## ACTIVITY:
Please say how many lines of the listing hold "paths", with no other words in the answer.
::: SUPPLIED RECORDS
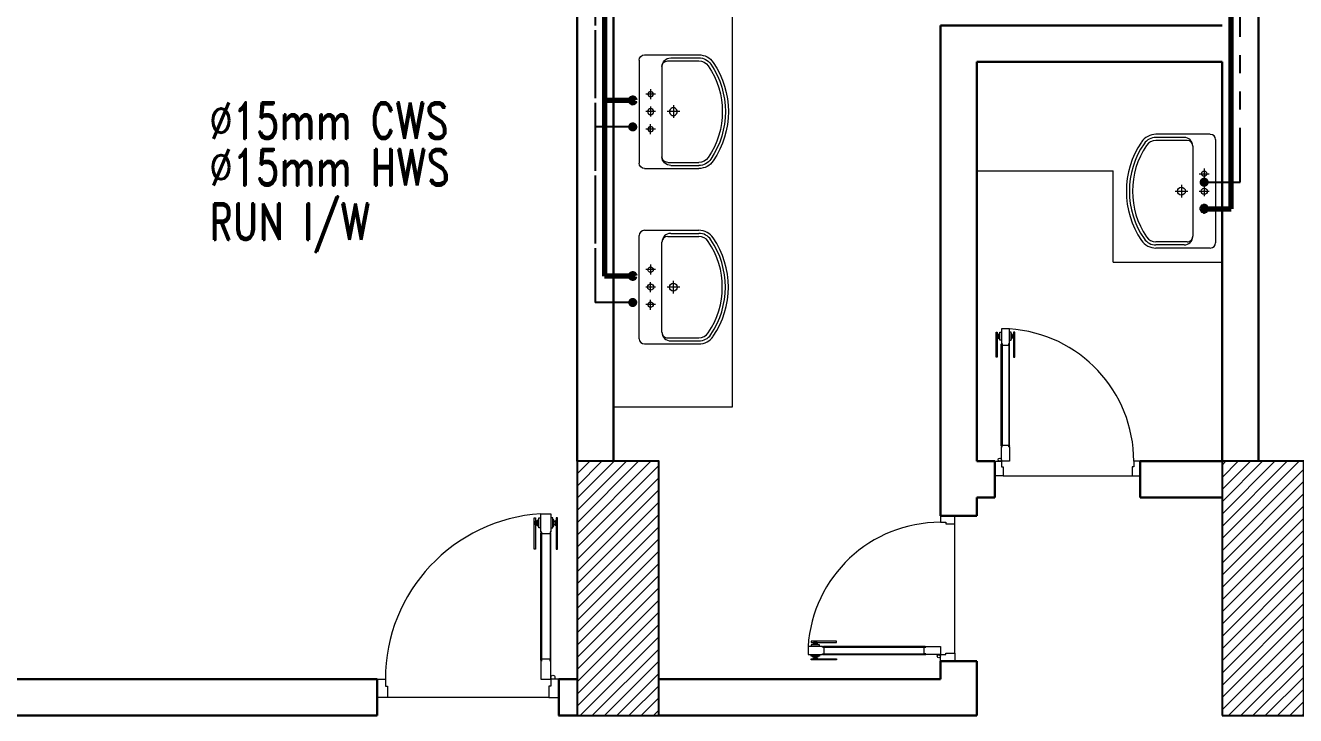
# Model space of a CAD drawing. Extents: x 800 to 995, y 398 to 804.
# Drawn here: x 867.82 to 874.81, y 625.77 to 629.57 of the extents above; entities that cross this region are included whole.
import ezdxf

# ---------------------------------------------------------------- set-up
doc = ezdxf.new("R2010")
doc.units = 0
doc.header["$MEASUREMENT"] = 0
doc.linetypes.add('PHANTOM-Z', pattern=[12.75, 6, -1.35, 1.35, -1.35, 1.35, -1.35])
for name, color, linetype, lineweight in [('Column', 6, 'CONTINUOUS', 25), ('DOOR', 30, 'CONTINUOUS', 9), ('Furn', 183, 'CONTINUOUS', 9), ('hatch', 252, 'CONTINUOUS', 9), ('P-C-WATER', 5, 'CONTINUOUS', 70), ('P-TEXT', 1, 'CONTINUOUS', 25), ('Wall', 252, 'CONTINUOUS', 30)]:
    doc.layers.add(name, color=color, linetype=linetype, lineweight=lineweight)
doc.layers.add('P-H-WATER', color=12, linetype='PHANTOM-Z')
doc.styles.add('ROMANC', font='romand.shx')
pattern_1 = [(45, (1093.41557, 298.244082), (-0.0336759605, 0.0336759605), [])]

msp = doc.modelspace()

# ---------------------------------------------------------------- hatches: boundary and pattern name
at = {"layer": 'hatch'}
h = msp.add_hatch(dxfattribs=at)
h.set_pattern_fill('ANSI31', color=252, scale=0.015, style=0)
h.set_pattern_definition(pattern_1)
h.paths.add_polyline_path([(870.8584, 625.7661), (871.3084, 625.7661), (871.3084, 627.1661), (870.8584, 627.1661)])
h = msp.add_hatch(dxfattribs=at)
h.set_pattern_fill('ANSI31', color=252, scale=0.015, style=0)
h.set_pattern_definition(pattern_1)
h.paths.add_polyline_path([(874.4084, 625.7661), (874.8584, 625.7661), (874.8584, 627.1661), (874.4084, 627.1661)])

# ---------------------------------------------------------------- linework, layer by layer
at = {"layer": 'Column', "color": 252}
for points in [[(870.8584, 625.7661), (871.3084, 625.7661), (871.3084, 627.1661), (870.8584, 627.1661)], [(874.4084, 625.7661), (874.8584, 625.7661), (874.8584, 627.1661), (874.4084, 627.1661)]]:
    msp.add_lwpolyline(points, close=True, dxfattribs=at)
at = {"layer": 'DOOR', "color": 252}
for p, q in [((873.1935, 627.2506), (873.1935, 627.8105)), ((873.1975, 627.8105), (873.1975, 627.2506)), ((873.2348, 627.8105), (873.2348, 627.2506)), ((873.2388, 627.2506), (873.2388, 627.8105)), ((870.622, 626.6826), (870.622, 626.8549)), ((870.622, 626.8549), (870.63, 626.8549)), ((870.63, 626.8549), (870.63, 626.6826)), ((870.6473, 626.7994), (870.6473, 626.8549)), ((870.6473, 626.8549), (870.6584, 626.8549)), ((870.6584, 626.7771), (870.6584, 626.8771)), ((870.6584, 626.8771), (870.7139, 626.8771)), ((870.7139, 626.8771), (870.7139, 626.7771)), ((870.7251, 626.8549), (870.7139, 626.8549)), ((870.7251, 626.7994), (870.7251, 626.8549)), ((870.7504, 626.8549), (870.7423, 626.8549)), ((870.7423, 626.8549), (870.7423, 626.6826)), ((870.7504, 626.6826), (870.7504, 626.8549)), ((870.63, 626.8172), (870.63, 626.8368)), ((870.6417, 626.8371), (870.6353, 626.8371)), ((870.6353, 626.8371), (870.6353, 626.8169)), ((870.6353, 626.8368), (870.6353, 626.8172)), ((870.6353, 626.8169), (870.6417, 626.8169)), ((870.6417, 626.8097), (870.6417, 626.8442)), ((870.6417, 626.8442), (870.6473, 626.8442)), ((870.6417, 626.8169), (870.6417, 626.8371)), ((870.6473, 626.8097), (870.6417, 626.8097)), ((870.6584, 626.7994), (870.6473, 626.7994)), ((870.7139, 626.7994), (870.7251, 626.7994)), ((870.7306, 626.8442), (870.7251, 626.8442)), ((870.7251, 626.8097), (870.7306, 626.8097)), ((870.7306, 626.8097), (870.7306, 626.8442)), ((870.7306, 626.8371), (870.737, 626.8371)), ((870.7306, 626.8169), (870.7306, 626.8371)), ((870.737, 626.8169), (870.7306, 626.8169)), ((870.737, 626.8371), (870.737, 626.8169)), ((870.737, 626.8368), (870.737, 626.8172)), ((870.7423, 626.8172), (870.7423, 626.8368)), ((870.6579, 626.0717), (870.6579, 626.7716)), ((870.6628, 626.7771), (870.6584, 626.7771)), ((870.6628, 626.766), (870.6628, 626.7771)), ((870.6628, 626.7766), (870.6628, 626.7666)), ((870.6628, 626.7716), (870.6628, 626.0717)), ((870.7095, 626.766), (870.6628, 626.766)), ((870.7095, 626.7771), (870.7095, 626.766)), ((870.7139, 626.7771), (870.7095, 626.7771)), ((870.7095, 626.7766), (870.7095, 626.7666)), ((870.7095, 626.7716), (870.7095, 626.0717)), ((870.7145, 626.0717), (870.7145, 626.7716)), ((870.63, 626.6826), (870.622, 626.6826)), ((870.7423, 626.6826), (870.7504, 626.6826)), ((872.774, 626.1466), (872.2141, 626.1466)), ((872.2141, 626.1426), (872.774, 626.1426)), ((872.2141, 626.1053), (872.774, 626.1053)), ((872.774, 626.1013), (872.2141, 626.1013)), ((870.6628, 626.0661), (870.6584, 626.0661)), ((870.6584, 626.0661), (870.6584, 625.9661)), ((870.7095, 626.0772), (870.6628, 626.0772)), ((870.6628, 626.0772), (870.6628, 626.0661)), ((870.6628, 626.0667), (870.6628, 626.0767)), ((870.7095, 626.0661), (870.7095, 626.0772)), ((870.7095, 626.0667), (870.7095, 626.0767)), ((870.7139, 626.0661), (870.7095, 626.0661)), ((870.7139, 625.9661), (870.7139, 626.0661)), ((869.7584, 625.8661), (869.7584, 625.9661)), ((869.7584, 625.9661), (869.803, 625.9661)), ((869.803, 625.9661), (869.803, 625.9282)), ((870.6584, 625.9661), (870.7139, 625.9661)), ((870.7584, 625.9661), (870.7139, 625.9661)), ((870.7139, 625.9661), (870.7139, 625.9282)), ((870.7584, 625.8661), (870.7584, 625.9661)), ((869.803, 625.9282), (869.8141, 625.9282)), ((869.8141, 625.9282), (869.814, 625.8661)), ((870.7139, 625.9282), (870.7028, 625.9282)), ((870.7028, 625.9282), (870.7028, 625.8661)), ((869.814, 625.8661), (869.7584, 625.8661)), ((870.7028, 625.8661), (869.814, 625.8661)), ((870.7028, 625.8661), (870.7584, 625.8661))]:
    msp.add_line(p, q, dxfattribs=at)
at = {"layer": 'DOOR', "color": 251}
for p, q in [((873.2028, 627.0861), (873.9139, 627.0861)), ((872.9384, 626.1106), (872.9384, 626.8217))]:
    msp.add_line(p, q, dxfattribs=at)
at = {"layer": 'DOOR', "color": 1}
for points in [[(873.1713, 627.7393), (873.1648, 627.7393), (873.1648, 627.8772), (873.1713, 627.8772)], [(873.1806, 627.8629), (873.1755, 627.8629), (873.1755, 627.8467), (873.1806, 627.8467)], [(873.2517, 627.8629), (873.2569, 627.8629), (873.2569, 627.8467), (873.2517, 627.8467)], [(873.2611, 627.7393), (873.2675, 627.7393), (873.2675, 627.8772), (873.2611, 627.8772)], [(872.2853, 626.1688), (872.2853, 626.1753), (872.1474, 626.1753), (872.1474, 626.1688)], [(872.1616, 626.1595), (872.1616, 626.1646), (872.1778, 626.1646), (872.1778, 626.1595)], [(872.1616, 626.0884), (872.1616, 626.0832), (872.1778, 626.0832), (872.1778, 626.0884)], [(872.2853, 626.079), (872.2853, 626.0726), (872.1474, 626.0726), (872.1474, 626.079)]]:
    msp.add_lwpolyline(points, close=True, dxfattribs=at)
for points in [[(873.1713, 627.8627, -1), (873.1755, 627.8627), (873.1755, 627.8627), (873.1755, 627.847), (873.1755, 627.847, -1), (873.1713, 627.847), (873.1713, 627.847)], [(873.2611, 627.8627, 1), (873.2569, 627.8627), (873.2569, 627.8627), (873.2569, 627.847), (873.2569, 627.847, 1), (873.2611, 627.847), (873.2611, 627.847)], [(872.1619, 626.1688, 1), (872.1619, 626.1646), (872.1619, 626.1646), (872.1776, 626.1646), (872.1776, 626.1646, 1), (872.1776, 626.1688), (872.1776, 626.1688)], [(872.1619, 626.079, -1), (872.1619, 626.0832), (872.1619, 626.0832), (872.1776, 626.0832), (872.1776, 626.0832, -1), (872.1776, 626.079), (872.1776, 626.079)]]:
    msp.add_lwpolyline(points, format="xyb", close=True, dxfattribs=at)
for points in [[(873.1851, 627.841), (873.1806, 627.841), (873.1806, 627.8686), (873.1851, 627.8686)], [(873.194, 627.8327), (873.1851, 627.8327), (873.1851, 627.8772), (873.194, 627.8772)], [(873.2473, 627.841), (873.2517, 627.841), (873.2517, 627.8686), (873.2473, 627.8686)], [(872.1835, 626.155), (872.1835, 626.1595), (872.1559, 626.1595), (872.1559, 626.155)], [(872.1918, 626.1017), (872.1918, 626.0928), (872.1474, 626.0928), (872.1474, 626.1017)], [(872.1835, 626.0928), (872.1835, 626.0884), (872.1559, 626.0884), (872.1559, 626.0928)]]:
    msp.add_lwpolyline(points, dxfattribs=at)
at = {"layer": 'DOOR', "color": 5}
for points in [[(873.1975, 627.8149), (873.1975, 627.8061), (873.2348, 627.8061), (873.2348, 627.8149), (873.2384, 627.8149), (873.2384, 627.8949), (873.2384, 627.8949), (873.194, 627.8949), (873.194, 627.8149)], [(873.1975, 627.2461), (873.1975, 627.255), (873.2348, 627.255), (873.2348, 627.2461), (873.2384, 627.2461), (873.2384, 627.1661), (873.2384, 627.1661), (873.194, 627.1661), (873.194, 627.2461)], [(873.1584, 627.0861), (873.1584, 627.1661), (873.194, 627.1661), (873.194, 627.1358), (873.2028, 627.1358), (873.2028, 627.0861)], [(873.9584, 627.0861), (873.9584, 627.1661), (873.9227, 627.1661), (873.9227, 627.1358), (873.9139, 627.1358), (873.9139, 627.0861)], [(872.9384, 626.8661), (872.8584, 626.8661), (872.8584, 626.8305), (872.8887, 626.8305), (872.8887, 626.8216), (872.9384, 626.8217)], [(872.2096, 626.1053), (872.2185, 626.1053), (872.2185, 626.1426), (872.2096, 626.1426), (872.2096, 626.1461), (872.1296, 626.1461), (872.1296, 626.1461), (872.1296, 626.1017), (872.2096, 626.1017)], [(872.7784, 626.1053), (872.7695, 626.1053), (872.7695, 626.1426), (872.7784, 626.1426), (872.7784, 626.1461), (872.8584, 626.1461), (872.8584, 626.1461), (872.8584, 626.1017), (872.7784, 626.1017)], [(872.9384, 626.0661), (872.8584, 626.0661), (872.8584, 626.1017), (872.8887, 626.1017), (872.8887, 626.1106), (872.9384, 626.1106)]]:
    msp.add_lwpolyline(points, close=True, dxfattribs=at)
for points in [[(873.2384, 627.8327), (873.2473, 627.8327), (873.2473, 627.8772), (873.2384, 627.8772)], [(872.1918, 626.1461), (872.1918, 626.155), (872.1474, 626.155), (872.1474, 626.1461)]]:
    msp.add_lwpolyline(points, dxfattribs=at)
for points in [[(873.1975, 627.8065), (873.1975, 627.8065, -1), (873.1975, 627.8145)], [(873.2348, 627.8065), (873.2348, 627.8065, 1), (873.2348, 627.8145)], [(873.1975, 627.2545), (873.1975, 627.2545, 1), (873.1975, 627.2466)], [(873.2348, 627.2545), (873.2348, 627.2545, -1), (873.2348, 627.2466)], [(872.218, 626.1426), (872.218, 626.1426, 1), (872.2101, 626.1426)], [(872.218, 626.1053), (872.218, 626.1053, -1), (872.2101, 626.1053)], [(872.77, 626.1426), (872.77, 626.1426, -1), (872.7779, 626.1426)], [(872.77, 626.1053), (872.77, 626.1053, 1), (872.7779, 626.1053)]]:
    msp.add_lwpolyline(points, format="xyb", close=True, dxfattribs=at)
for centre in [(873.1851, 627.175), (872.8495, 626.0928)]:
    msp.add_circle(centre, 0.00889, dxfattribs=at)
at = {"layer": 'DOOR', "color": 252}
msp.add_circle((870.7251, 625.9773), 0.0111, dxfattribs=at)
for centre, radius, start, end in [((873.1925, 627.1661), 0.7302, 359.9997, 86.39738), ((870.7157, 625.9661), 0.9128, 93.60232, 180), ((870.6327, 626.8368), 0.00264, 0, 180), ((870.6327, 626.8172), 0.00264, 180, 0), ((870.7397, 626.8368), 0.00264, 0, 180), ((870.7397, 626.8172), 0.00264, 180, 0), ((872.8584, 626.1003), 0.7302, 89.9997, 176.39738), ((870.6628, 626.7716), 0.00496, 90, 270), ((870.7095, 626.7716), 0.00496, 270, 90), ((870.6628, 626.0717), 0.00496, 90, 270), ((870.7095, 626.0717), 0.00496, 270, 90)]:
    msp.add_arc(centre, radius, start, end, dxfattribs=at)
at = {"layer": 'Furn', "color": 252, "linetype": 'Continuous'}
for p, q in [((871.7138, 627.4661), (871.7138, 630.5659)), ((873.0584, 628.7661), (873.8084, 628.7661)), ((873.8084, 628.2626), (873.8084, 628.7661)), ((873.8084, 628.2626), (874.4084, 628.2626)), ((871.0584, 627.4661), (871.7138, 627.4661))]:
    msp.add_line(p, q, dxfattribs=at)
at = {"layer": 'Furn'}
for p, q in [((871.2003, 629.3754), (871.2003, 628.8072)), ((871.2292, 629.4042), (871.5284, 629.4042)), ((871.3568, 629.3705), (871.5284, 629.3705)), ((871.3736, 629.3874), (871.5284, 629.3874)), ((871.3255, 629.3392), (871.3255, 628.8433)), ((871.2902, 629.1876), (871.2357, 629.1876)), ((871.2629, 629.2155), (871.2629, 629.1605)), ((871.2902, 629.0913), (871.2357, 629.0913)), ((871.2629, 629.1192), (871.2629, 629.0642)), ((871.423, 629.0913), (871.3533, 629.0913)), ((871.388, 629.1269), (871.388, 629.0567)), ((871.2629, 628.9671), (871.2629, 629.0221)), ((871.2902, 628.995), (871.2357, 628.995)), ((874.3439, 628.9664), (874.0447, 628.9664)), ((874.1995, 628.9495), (874.0447, 628.9495)), ((874.2163, 628.9327), (874.0447, 628.9327)), ((874.2476, 628.9014), (874.2476, 628.4055)), ((874.3728, 628.9375), (874.3728, 628.3693)), ((871.3568, 628.812), (871.5284, 628.812)), ((871.2292, 628.7783), (871.5284, 628.7783)), ((871.3736, 628.7952), (871.5284, 628.7952)), ((874.2829, 628.7497), (874.3374, 628.7497)), ((874.3102, 628.7776), (874.3102, 628.7226)), ((874.185, 628.689), (874.185, 628.6188)), ((874.3102, 628.6813), (874.3102, 628.6263)), ((874.1501, 628.6534), (874.2198, 628.6534)), ((874.2829, 628.6534), (874.3374, 628.6534)), ((874.2829, 628.5571), (874.3374, 628.5571)), ((874.3102, 628.5292), (874.3102, 628.5842)), ((871.2003, 627.841), (871.2003, 628.4091)), ((871.2292, 628.438), (871.5284, 628.438)), ((871.3568, 628.4043), (871.5284, 628.4043)), ((871.3736, 628.4212), (871.5284, 628.4212)), ((871.3255, 627.8771), (871.3255, 628.373)), ((874.2163, 628.3742), (874.0447, 628.3742)), ((874.1995, 628.3573), (874.0447, 628.3573)), ((874.3439, 628.3405), (874.0447, 628.3405)), ((871.2902, 628.2214), (871.2357, 628.2214)), ((871.2629, 628.2492), (871.2629, 628.1943)), ((871.2902, 628.1251), (871.2357, 628.1251)), ((871.2629, 628.0972), (871.2629, 628.1522)), ((871.423, 628.1251), (871.3533, 628.1251)), ((871.388, 628.0894), (871.388, 628.1597)), ((871.2629, 628.0009), (871.2629, 628.0559)), ((871.2902, 628.0288), (871.2357, 628.0288)), ((871.3568, 627.8458), (871.5284, 627.8458)), ((871.2292, 627.8121), (871.5284, 627.8121)), ((871.3736, 627.829), (871.5284, 627.829))]:
    msp.add_line(p, q, dxfattribs=at)
at = {"layer": 'Furn', "extrusion": (0, 0, -1)}
for centre, major_axis, start_param, end_param in [((871.2292, 629.3754), (0.0204, 0.0204), 3.926991, 5.497787), ((871.3736, 629.3392), (-0.034, 0.034), 5.497787, 7.068583), ((871.3568, 629.3392), (-0.0221, 0.0221), 5.497787, 7.068583), ((871.5284, 629.3079), (0.0681, 0.0681), -0.785398, 0.187992), ((871.5284, 629.3079), (-0.0562, 0.0562), 0.785398, 1.758788), ((871.5284, 629.3079), (0.0443, 0.0443), -0.785398, 0.187992), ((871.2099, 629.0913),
::::::
## WRITTEN RESPONSE:
2